### DATASET EXCERPTS
● ● ● ● ●
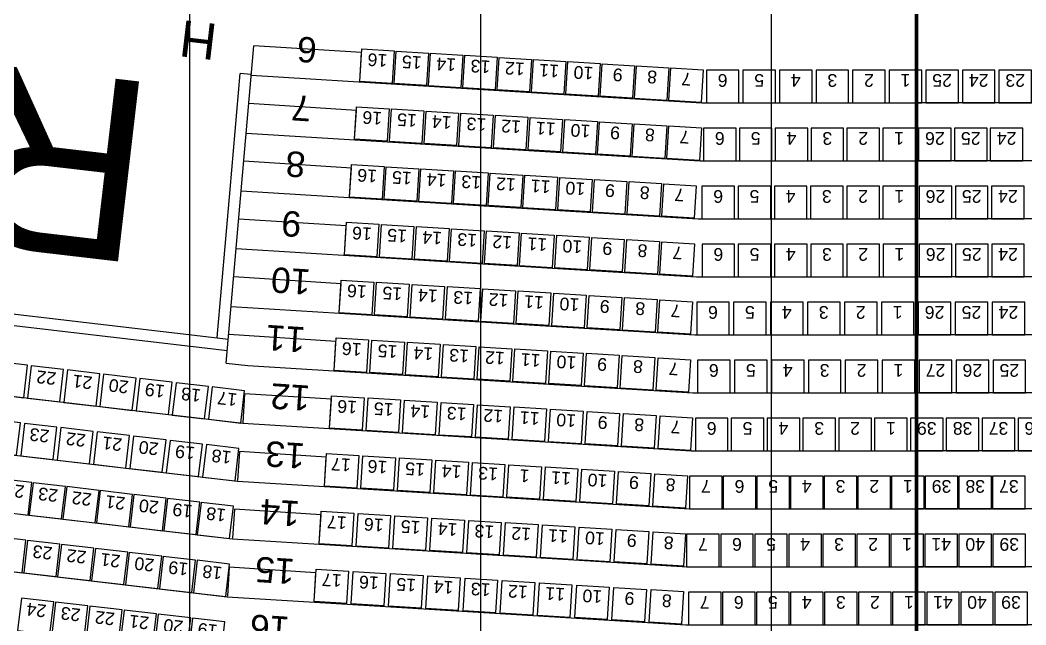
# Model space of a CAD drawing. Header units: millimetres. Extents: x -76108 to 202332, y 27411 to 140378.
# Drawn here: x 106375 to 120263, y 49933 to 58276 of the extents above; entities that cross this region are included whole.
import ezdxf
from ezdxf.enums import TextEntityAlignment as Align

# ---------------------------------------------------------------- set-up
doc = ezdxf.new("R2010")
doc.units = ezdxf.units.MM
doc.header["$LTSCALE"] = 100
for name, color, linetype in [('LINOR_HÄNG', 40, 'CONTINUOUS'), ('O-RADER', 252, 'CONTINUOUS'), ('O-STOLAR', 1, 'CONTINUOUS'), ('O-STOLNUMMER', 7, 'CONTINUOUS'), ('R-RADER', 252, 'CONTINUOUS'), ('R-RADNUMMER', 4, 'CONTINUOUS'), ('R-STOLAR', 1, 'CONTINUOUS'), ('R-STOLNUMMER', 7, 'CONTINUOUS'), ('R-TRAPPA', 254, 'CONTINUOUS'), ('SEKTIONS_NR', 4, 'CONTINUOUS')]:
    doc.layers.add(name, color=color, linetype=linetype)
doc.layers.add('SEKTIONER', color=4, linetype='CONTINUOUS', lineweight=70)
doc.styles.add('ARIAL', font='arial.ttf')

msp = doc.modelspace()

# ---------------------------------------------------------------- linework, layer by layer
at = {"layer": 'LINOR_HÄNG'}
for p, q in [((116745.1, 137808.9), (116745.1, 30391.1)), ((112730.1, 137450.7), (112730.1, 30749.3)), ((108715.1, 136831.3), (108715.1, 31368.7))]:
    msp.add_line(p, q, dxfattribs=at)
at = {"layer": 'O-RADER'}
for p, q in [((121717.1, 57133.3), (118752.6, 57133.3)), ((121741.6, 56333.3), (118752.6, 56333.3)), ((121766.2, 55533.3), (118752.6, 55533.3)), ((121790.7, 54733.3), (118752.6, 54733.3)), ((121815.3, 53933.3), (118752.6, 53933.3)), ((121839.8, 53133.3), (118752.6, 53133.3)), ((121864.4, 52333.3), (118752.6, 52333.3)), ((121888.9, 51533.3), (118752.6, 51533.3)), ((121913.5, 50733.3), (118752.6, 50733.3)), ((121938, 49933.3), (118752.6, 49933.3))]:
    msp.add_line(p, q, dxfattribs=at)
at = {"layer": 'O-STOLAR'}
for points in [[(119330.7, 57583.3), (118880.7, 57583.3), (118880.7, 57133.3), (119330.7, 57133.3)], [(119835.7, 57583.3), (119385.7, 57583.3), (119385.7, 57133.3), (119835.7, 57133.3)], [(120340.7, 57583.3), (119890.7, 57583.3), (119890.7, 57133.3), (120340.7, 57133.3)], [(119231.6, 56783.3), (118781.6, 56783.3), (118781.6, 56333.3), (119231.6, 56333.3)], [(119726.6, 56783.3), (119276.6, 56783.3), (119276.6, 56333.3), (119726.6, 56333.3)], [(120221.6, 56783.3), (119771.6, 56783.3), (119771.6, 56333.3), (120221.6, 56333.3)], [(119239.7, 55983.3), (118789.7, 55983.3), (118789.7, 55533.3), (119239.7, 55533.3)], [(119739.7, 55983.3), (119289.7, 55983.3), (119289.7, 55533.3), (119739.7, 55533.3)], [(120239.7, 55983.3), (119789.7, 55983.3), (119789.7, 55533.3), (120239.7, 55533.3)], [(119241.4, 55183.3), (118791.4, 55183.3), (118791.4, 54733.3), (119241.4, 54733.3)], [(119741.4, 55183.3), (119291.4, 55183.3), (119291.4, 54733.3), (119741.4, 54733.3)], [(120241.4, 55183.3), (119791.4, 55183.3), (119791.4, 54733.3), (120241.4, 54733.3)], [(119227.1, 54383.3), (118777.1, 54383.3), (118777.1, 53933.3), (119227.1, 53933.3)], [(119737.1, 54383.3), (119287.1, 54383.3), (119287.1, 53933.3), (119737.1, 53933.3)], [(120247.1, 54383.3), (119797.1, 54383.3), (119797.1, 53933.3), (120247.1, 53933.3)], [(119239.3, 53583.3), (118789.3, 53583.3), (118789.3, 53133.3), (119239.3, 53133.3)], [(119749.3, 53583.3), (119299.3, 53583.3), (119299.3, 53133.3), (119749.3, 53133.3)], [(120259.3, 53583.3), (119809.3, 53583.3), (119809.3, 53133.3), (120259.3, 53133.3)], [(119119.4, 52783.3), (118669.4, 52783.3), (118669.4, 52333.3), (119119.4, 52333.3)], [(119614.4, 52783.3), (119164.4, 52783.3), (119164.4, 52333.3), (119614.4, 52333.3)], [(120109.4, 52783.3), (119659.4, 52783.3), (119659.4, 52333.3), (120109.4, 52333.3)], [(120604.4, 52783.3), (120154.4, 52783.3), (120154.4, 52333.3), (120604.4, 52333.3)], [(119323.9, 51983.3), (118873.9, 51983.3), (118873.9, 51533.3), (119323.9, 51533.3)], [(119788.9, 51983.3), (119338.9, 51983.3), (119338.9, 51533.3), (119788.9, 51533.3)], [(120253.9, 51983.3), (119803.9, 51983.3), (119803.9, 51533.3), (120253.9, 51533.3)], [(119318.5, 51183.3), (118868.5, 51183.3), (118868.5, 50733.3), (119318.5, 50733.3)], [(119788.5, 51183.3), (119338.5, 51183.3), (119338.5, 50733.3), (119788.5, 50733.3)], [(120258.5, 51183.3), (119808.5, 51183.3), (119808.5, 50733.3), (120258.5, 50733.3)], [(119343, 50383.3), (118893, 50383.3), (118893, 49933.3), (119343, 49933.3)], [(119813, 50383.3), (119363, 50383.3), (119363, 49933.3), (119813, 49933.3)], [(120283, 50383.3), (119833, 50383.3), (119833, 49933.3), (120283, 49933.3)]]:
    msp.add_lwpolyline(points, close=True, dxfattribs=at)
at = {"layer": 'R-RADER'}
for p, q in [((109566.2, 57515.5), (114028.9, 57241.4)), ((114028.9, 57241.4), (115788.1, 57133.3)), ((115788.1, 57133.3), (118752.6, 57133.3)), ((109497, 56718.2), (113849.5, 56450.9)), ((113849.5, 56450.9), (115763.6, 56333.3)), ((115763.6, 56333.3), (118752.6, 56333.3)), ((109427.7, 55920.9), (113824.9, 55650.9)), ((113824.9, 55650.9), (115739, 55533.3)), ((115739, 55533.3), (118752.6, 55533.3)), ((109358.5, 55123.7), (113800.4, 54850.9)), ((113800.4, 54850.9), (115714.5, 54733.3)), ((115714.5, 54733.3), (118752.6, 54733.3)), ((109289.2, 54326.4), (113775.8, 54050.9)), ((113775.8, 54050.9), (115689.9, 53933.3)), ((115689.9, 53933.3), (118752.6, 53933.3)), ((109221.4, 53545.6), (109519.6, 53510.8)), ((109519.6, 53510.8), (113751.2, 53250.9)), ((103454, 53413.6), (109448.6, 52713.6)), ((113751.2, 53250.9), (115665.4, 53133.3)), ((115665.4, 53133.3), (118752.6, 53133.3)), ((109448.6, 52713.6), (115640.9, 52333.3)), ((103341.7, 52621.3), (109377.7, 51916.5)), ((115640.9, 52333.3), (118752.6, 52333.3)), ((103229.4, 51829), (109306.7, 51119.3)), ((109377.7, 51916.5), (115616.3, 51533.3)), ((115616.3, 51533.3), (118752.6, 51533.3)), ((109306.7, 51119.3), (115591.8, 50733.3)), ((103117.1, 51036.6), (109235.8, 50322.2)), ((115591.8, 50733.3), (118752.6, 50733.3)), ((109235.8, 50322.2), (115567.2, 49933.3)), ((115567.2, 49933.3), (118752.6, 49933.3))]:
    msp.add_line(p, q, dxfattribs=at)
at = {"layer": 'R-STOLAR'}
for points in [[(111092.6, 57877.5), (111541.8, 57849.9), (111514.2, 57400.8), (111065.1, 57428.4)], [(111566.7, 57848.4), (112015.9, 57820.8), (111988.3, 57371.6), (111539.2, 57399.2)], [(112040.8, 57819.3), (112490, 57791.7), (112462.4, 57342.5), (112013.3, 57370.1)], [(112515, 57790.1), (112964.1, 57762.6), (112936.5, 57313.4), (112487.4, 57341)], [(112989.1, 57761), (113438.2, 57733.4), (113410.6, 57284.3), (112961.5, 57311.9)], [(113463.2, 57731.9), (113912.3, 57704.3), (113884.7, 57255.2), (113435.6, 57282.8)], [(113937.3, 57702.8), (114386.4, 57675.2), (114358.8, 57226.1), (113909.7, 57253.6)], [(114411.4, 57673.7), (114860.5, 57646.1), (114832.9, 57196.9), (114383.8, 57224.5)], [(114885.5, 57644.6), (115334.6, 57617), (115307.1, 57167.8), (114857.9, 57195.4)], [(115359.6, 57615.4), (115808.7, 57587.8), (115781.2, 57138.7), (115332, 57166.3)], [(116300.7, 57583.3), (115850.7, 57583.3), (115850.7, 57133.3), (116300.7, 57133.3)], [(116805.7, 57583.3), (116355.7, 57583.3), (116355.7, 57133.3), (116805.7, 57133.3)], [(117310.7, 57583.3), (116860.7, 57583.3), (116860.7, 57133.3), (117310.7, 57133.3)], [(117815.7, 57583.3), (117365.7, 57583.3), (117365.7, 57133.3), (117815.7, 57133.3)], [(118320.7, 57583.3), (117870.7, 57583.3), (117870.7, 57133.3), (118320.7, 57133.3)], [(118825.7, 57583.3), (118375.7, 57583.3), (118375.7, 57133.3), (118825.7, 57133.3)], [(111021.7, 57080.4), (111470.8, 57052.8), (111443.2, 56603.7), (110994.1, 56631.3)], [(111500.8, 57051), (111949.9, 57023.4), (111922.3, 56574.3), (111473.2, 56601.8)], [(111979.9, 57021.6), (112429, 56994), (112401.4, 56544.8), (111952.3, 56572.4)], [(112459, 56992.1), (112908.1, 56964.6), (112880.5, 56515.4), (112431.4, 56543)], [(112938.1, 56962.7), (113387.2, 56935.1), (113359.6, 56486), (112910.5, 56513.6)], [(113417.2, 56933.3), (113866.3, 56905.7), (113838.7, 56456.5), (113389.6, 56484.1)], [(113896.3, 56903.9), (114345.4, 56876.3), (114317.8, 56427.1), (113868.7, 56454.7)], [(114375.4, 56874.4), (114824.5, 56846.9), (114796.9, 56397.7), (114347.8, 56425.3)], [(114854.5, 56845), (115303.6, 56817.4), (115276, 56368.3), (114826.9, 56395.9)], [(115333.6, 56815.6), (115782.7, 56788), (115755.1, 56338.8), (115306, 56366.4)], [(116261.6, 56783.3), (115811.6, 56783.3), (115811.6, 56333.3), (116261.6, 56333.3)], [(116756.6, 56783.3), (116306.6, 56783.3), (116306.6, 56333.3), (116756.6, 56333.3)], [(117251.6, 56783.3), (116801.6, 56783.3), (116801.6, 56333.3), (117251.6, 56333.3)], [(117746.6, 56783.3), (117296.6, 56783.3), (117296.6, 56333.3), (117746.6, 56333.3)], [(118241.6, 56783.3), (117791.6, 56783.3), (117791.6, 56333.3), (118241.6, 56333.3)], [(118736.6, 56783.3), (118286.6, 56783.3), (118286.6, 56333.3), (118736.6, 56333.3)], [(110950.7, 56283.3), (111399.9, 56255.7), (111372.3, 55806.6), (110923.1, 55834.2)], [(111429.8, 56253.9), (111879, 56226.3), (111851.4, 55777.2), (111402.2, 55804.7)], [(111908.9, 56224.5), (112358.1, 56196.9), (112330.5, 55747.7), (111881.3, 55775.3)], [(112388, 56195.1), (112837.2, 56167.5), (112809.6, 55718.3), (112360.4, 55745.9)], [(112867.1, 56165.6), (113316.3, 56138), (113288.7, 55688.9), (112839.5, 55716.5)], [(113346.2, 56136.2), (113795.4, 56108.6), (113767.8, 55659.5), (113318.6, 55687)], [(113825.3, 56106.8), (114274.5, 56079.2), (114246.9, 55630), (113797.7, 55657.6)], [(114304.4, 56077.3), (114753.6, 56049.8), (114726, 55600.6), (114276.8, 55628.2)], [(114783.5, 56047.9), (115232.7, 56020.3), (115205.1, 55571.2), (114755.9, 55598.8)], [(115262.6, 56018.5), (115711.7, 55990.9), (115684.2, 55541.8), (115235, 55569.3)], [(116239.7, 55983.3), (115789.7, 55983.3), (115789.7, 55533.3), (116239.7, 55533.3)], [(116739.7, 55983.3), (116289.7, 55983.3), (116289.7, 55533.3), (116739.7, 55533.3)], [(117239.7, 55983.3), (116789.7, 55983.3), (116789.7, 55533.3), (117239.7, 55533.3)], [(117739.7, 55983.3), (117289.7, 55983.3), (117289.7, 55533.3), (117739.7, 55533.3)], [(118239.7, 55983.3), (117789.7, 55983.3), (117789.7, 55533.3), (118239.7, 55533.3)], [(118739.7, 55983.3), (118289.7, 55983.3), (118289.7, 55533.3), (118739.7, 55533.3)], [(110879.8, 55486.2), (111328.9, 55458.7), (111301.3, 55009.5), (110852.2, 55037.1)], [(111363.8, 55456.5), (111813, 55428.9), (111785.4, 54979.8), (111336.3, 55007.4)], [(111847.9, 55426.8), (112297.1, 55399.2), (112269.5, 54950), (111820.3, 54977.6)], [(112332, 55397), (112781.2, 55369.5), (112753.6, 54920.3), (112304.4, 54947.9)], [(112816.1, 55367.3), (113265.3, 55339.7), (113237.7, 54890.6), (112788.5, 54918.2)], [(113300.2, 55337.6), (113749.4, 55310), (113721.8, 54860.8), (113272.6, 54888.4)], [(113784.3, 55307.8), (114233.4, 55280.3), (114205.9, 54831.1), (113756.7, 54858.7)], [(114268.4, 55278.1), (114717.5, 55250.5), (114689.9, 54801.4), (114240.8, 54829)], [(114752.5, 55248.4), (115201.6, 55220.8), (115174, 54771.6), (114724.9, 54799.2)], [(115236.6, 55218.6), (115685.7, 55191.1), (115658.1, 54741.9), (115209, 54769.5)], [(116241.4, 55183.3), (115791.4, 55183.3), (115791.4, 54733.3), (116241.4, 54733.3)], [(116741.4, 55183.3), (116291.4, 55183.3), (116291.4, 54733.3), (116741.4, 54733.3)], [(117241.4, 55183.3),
● ● ● ● ●
### WHAT THE TASK ASKS
Exactly the lines from the top of the entries through the line with "from ezdxf.enums import", inclusive, must be given again, with every picture omitted.

### WRITTEN ANSWER
# Model space of a CAD drawing. Header units: millimetres. Extents: x -76108 to 202332, y 27411 to 140378.
# Drawn here: x 106375 to 120263, y 49933 to 58276 of the extents above; entities that cross this region are included whole.
import ezdxf
from ezdxf.enums import TextEntityAlignment as Align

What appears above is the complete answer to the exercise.